The International Monetary Fund on Friday commended nations for avoiding retributive tariffs, which could have thrown the world economy into turbulence.
Speaking at the 2025 World Bank-IMF Annual Meetings Plenary, IMF Managing Director Kristalina expressed relief that 188 out of 191 member countries had not engaged in tit-for-tat actions.
Georgieva said that though international economic activity was facing a mix of anxiety and resilience, and uncertainty had shot up, “global sentiment is holding up.”
The IMF chief, however, highlighted three medium-term priorities for policymakers: repairing government finances, domestic and external rebalancing, and lifting trend growth.
On artificial intelligence, she cautioned against complacency in the face of optimism and emphasized the need for strong financial oversight and policy readiness as AI reshapes labor markets and productivity.
Georgieva announced that the Bretton Woods institution had conducted nearly 3,000 capacity development projects and approved $37 billion in lending since last October.
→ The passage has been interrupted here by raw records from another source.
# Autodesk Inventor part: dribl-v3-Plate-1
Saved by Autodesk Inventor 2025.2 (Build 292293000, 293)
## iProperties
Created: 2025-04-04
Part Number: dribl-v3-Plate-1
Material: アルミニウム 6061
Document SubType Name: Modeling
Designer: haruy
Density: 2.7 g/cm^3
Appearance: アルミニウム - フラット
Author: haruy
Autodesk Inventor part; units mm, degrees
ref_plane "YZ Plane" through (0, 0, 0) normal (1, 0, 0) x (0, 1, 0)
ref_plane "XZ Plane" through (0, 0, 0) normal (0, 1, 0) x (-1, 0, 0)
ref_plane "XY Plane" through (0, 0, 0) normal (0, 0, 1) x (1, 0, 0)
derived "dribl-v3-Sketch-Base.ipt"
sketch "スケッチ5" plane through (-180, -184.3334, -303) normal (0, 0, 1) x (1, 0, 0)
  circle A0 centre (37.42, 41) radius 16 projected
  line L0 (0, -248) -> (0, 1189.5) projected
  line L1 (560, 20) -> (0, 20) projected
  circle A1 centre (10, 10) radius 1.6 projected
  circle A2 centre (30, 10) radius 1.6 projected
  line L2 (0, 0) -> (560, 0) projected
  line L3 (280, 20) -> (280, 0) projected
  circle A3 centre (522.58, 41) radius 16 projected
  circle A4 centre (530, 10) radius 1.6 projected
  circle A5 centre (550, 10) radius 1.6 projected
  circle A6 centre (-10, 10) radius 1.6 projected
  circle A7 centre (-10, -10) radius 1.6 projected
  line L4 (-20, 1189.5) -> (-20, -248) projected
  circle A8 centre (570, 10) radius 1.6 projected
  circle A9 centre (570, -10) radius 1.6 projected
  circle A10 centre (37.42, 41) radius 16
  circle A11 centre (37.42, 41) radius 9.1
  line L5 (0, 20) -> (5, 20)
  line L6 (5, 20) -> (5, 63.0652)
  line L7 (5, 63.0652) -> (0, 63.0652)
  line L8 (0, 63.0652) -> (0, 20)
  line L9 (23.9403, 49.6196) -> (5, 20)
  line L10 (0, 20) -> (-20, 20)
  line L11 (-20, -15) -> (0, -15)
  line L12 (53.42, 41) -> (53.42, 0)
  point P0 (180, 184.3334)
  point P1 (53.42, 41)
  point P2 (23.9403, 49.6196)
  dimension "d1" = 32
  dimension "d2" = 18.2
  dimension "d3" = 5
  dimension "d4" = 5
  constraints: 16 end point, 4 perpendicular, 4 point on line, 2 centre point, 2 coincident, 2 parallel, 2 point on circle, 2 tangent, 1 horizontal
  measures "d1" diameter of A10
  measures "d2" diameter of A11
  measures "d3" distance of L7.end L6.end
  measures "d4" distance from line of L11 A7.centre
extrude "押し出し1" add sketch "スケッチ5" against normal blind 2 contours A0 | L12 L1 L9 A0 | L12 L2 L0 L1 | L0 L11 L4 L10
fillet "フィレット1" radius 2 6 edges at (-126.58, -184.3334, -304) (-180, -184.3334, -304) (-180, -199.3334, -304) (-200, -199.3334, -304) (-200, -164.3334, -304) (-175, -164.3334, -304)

She urged members to ratify the 50 percent “quota increase”, support the poverty reduction and growth trust, and replenish the Catastrophe Containment and Relief Trust.
“Our ambition must be to remain able to assist our poorest members,” Georgieva said. “The amounts needed here are in the millions, not billions, and would make a huge difference.”
Meanwhile, the International Monetary and Financial Committee is worried about rising sovereign debt. IMFC Chair Mohammed Al-Jadaan said: “Advanced and emerging markets are approaching debt levels, which require serious attention.”